Your assignment:
How many lines in this data contain the string "zscale"? Reply with the number only.

---*---

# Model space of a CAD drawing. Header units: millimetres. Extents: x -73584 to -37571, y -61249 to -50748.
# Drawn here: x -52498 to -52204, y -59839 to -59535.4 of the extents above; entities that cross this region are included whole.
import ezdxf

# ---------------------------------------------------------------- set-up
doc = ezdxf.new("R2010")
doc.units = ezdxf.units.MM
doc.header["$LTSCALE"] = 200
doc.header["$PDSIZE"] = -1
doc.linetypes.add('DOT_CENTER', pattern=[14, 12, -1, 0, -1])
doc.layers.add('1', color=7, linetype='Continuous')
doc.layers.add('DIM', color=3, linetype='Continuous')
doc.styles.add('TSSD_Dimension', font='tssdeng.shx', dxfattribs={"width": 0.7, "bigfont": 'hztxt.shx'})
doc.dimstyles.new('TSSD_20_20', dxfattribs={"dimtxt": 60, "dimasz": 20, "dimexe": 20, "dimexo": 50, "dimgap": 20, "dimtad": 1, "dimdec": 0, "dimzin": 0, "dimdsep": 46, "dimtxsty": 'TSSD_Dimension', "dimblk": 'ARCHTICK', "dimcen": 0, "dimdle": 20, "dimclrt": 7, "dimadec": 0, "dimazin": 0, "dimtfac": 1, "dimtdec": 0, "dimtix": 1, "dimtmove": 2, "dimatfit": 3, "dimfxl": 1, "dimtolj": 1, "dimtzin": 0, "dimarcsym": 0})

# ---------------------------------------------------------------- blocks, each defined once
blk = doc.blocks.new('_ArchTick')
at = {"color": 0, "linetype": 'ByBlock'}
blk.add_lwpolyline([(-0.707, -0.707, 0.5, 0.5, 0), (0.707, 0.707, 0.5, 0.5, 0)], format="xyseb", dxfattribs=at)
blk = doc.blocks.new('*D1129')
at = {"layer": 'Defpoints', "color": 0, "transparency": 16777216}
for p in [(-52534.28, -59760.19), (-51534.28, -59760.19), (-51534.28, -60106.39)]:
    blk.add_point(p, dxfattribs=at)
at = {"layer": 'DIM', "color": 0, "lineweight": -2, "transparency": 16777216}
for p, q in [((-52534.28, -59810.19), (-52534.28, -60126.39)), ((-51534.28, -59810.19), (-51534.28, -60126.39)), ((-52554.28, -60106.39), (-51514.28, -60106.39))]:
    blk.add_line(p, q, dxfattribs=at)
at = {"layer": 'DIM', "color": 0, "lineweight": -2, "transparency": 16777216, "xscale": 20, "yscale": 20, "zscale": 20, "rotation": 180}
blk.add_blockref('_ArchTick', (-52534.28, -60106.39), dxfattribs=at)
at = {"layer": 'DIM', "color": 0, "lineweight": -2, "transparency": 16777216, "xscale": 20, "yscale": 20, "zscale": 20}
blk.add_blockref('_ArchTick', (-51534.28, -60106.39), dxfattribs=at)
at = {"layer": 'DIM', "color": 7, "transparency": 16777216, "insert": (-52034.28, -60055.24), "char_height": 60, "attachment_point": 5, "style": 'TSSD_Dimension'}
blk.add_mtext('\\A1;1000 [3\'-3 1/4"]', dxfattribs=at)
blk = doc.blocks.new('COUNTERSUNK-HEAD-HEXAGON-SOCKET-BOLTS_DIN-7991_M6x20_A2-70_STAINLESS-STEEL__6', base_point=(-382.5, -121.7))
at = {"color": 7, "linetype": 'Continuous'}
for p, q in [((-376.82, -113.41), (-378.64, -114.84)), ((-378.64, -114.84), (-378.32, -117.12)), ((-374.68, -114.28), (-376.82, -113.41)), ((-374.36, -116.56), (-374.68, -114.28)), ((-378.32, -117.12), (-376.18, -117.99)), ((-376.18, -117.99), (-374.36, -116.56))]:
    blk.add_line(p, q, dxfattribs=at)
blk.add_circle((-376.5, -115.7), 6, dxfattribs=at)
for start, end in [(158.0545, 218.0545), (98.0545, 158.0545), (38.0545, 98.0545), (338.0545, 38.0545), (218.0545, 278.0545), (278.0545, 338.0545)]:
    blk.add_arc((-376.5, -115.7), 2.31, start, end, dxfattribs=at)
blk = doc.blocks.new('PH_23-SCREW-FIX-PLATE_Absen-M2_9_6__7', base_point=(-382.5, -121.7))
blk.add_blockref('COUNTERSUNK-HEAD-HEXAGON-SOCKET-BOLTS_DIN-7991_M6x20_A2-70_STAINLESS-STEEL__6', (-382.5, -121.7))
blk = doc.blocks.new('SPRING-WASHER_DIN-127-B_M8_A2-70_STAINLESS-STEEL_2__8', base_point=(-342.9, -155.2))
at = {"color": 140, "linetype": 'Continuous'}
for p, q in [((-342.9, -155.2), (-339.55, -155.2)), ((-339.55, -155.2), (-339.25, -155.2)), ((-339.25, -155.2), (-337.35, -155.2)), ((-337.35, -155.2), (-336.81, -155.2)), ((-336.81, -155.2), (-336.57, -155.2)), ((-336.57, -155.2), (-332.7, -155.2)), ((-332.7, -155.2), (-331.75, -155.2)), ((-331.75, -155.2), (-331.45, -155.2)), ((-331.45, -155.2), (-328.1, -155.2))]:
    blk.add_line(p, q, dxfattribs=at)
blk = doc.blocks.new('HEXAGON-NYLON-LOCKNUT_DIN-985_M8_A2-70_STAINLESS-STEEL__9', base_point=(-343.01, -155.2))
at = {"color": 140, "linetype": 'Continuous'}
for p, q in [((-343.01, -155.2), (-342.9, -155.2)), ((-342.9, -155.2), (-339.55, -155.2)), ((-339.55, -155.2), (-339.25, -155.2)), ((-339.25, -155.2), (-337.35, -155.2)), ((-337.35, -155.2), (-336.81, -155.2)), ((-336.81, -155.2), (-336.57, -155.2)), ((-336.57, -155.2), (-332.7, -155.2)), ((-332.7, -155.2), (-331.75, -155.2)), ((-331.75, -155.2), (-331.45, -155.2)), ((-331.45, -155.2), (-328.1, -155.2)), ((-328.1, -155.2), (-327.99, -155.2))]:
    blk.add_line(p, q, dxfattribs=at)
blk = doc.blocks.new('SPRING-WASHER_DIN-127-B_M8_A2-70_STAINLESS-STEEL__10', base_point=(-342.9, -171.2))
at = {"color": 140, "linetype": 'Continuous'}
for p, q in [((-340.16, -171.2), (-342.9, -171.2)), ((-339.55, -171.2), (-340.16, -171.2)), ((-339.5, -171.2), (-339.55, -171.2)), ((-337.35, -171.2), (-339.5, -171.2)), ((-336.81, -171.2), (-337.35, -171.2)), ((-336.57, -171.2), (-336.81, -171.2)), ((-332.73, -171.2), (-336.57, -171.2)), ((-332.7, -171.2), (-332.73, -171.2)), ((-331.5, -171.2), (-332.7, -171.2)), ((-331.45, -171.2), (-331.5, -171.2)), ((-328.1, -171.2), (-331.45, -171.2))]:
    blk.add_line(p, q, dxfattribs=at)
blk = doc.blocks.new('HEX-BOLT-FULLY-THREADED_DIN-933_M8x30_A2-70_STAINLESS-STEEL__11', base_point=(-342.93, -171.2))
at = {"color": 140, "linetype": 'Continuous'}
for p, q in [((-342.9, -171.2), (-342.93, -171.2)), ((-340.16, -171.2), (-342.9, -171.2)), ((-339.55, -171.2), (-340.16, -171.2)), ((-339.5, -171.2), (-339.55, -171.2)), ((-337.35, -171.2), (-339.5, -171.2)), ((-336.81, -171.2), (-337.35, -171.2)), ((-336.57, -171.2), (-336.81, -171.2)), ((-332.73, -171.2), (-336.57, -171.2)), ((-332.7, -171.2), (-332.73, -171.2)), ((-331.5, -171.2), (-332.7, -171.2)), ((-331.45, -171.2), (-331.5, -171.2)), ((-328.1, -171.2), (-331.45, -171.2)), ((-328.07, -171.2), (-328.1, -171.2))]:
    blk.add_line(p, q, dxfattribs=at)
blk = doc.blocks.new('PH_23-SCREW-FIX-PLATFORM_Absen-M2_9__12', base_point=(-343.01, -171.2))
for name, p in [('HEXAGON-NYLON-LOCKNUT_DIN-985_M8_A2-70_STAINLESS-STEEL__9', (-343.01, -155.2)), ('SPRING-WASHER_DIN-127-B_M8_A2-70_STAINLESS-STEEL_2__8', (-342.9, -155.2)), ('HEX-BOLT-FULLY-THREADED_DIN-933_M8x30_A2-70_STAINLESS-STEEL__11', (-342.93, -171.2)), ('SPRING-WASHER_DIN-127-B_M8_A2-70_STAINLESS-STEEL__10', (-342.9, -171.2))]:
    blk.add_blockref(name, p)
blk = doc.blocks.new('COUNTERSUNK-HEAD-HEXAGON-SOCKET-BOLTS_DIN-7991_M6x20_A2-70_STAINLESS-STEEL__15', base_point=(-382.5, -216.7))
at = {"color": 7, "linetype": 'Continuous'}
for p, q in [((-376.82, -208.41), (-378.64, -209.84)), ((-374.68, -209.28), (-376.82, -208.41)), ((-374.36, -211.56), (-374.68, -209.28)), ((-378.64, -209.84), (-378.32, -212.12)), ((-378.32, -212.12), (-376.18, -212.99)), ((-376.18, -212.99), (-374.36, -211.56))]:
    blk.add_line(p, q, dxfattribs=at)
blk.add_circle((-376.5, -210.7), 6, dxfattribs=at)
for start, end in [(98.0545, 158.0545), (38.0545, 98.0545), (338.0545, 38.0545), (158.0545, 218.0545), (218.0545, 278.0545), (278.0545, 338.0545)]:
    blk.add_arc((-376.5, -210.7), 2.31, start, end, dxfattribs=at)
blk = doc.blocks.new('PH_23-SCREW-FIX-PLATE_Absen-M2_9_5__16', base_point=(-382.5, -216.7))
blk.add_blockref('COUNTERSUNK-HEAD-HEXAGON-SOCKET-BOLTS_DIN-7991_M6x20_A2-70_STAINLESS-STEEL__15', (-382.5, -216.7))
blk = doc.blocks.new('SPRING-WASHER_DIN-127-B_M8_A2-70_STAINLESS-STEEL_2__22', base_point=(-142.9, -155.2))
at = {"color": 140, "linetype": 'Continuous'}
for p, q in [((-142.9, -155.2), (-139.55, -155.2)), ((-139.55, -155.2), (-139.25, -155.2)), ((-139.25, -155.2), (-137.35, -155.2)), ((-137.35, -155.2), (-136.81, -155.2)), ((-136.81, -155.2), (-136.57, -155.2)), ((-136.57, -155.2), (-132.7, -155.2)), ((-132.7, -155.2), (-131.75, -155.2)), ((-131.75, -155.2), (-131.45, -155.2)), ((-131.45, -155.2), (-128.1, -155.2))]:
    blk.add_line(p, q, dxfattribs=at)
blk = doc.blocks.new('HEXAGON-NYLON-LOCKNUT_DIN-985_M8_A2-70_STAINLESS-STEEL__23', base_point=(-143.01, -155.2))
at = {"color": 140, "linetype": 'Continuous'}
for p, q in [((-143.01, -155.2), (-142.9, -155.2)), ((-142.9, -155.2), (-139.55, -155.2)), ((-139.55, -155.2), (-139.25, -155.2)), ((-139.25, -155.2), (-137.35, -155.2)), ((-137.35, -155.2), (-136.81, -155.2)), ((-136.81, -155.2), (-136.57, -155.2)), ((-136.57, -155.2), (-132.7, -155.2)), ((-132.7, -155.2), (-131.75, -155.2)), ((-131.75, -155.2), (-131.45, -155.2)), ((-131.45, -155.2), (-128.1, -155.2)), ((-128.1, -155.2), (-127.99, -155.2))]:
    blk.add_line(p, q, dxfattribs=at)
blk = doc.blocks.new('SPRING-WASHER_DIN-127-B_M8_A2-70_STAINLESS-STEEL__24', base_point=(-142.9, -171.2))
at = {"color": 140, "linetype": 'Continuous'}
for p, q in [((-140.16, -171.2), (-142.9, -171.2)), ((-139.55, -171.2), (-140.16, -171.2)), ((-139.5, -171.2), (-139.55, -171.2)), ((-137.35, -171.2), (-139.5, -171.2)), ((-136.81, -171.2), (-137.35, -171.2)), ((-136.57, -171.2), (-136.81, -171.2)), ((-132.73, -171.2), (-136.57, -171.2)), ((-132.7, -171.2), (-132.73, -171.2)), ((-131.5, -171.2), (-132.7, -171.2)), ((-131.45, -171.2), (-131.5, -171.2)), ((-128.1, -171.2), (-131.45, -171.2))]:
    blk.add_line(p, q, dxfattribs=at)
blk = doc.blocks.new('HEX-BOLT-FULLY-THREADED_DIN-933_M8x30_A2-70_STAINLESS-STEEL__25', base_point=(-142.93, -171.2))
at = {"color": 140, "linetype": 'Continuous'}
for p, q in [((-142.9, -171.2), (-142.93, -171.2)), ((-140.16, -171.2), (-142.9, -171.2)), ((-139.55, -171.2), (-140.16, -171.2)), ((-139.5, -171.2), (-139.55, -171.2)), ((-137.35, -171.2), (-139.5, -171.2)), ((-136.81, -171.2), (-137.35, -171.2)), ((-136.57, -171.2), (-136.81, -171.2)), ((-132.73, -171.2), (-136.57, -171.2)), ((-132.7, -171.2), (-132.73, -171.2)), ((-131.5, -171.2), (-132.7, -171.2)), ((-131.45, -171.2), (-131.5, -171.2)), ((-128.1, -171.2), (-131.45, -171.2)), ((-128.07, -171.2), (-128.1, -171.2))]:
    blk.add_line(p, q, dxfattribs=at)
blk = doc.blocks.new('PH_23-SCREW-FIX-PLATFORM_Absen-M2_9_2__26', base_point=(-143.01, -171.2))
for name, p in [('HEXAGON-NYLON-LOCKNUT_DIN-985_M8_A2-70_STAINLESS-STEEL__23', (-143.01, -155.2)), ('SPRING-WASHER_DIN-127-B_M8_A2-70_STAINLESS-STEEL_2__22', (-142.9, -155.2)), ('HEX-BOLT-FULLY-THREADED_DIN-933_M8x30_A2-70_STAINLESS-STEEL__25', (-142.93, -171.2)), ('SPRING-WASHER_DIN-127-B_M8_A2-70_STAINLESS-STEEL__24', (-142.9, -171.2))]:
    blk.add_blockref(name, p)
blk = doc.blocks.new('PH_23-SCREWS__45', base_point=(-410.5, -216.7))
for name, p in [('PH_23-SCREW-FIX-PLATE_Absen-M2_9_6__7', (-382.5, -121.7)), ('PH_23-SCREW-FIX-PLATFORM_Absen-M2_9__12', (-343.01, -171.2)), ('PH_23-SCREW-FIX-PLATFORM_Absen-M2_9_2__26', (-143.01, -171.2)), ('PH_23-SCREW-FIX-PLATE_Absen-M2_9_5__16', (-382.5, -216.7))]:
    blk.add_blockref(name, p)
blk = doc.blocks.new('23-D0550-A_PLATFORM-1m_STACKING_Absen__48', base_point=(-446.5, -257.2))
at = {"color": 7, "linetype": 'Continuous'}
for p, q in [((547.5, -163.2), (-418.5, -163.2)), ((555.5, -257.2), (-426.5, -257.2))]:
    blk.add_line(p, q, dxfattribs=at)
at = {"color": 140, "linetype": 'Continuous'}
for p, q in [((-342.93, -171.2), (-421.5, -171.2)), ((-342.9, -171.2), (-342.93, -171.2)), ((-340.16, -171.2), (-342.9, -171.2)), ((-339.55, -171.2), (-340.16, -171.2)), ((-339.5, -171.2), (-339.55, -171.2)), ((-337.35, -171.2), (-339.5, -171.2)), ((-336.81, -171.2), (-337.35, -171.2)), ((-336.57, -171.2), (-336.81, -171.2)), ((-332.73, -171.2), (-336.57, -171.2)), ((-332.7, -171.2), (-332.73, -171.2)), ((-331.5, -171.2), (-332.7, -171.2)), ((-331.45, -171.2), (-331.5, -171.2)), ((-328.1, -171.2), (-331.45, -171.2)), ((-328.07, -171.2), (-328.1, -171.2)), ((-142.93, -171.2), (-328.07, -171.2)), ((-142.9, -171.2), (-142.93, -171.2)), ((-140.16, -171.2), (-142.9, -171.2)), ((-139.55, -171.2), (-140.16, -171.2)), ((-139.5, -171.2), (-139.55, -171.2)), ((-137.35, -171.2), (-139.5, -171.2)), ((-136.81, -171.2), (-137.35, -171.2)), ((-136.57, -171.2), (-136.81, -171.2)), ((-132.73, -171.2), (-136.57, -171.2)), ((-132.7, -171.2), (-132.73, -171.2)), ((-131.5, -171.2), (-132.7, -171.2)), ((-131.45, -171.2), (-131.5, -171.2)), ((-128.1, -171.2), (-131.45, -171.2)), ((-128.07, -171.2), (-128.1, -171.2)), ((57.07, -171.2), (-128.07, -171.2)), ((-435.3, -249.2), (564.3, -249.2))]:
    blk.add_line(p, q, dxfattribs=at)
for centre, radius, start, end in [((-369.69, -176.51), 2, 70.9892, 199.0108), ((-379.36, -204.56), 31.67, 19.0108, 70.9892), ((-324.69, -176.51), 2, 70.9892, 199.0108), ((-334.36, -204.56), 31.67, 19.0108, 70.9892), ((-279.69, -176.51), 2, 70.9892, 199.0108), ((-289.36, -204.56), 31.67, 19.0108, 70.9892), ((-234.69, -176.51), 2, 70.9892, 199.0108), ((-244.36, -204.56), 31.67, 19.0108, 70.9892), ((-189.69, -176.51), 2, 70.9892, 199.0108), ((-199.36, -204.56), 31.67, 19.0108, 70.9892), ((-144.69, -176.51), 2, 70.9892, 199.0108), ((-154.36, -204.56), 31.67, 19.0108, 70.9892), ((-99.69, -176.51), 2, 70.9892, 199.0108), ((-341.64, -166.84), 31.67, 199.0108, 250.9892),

---*---

Solution:
2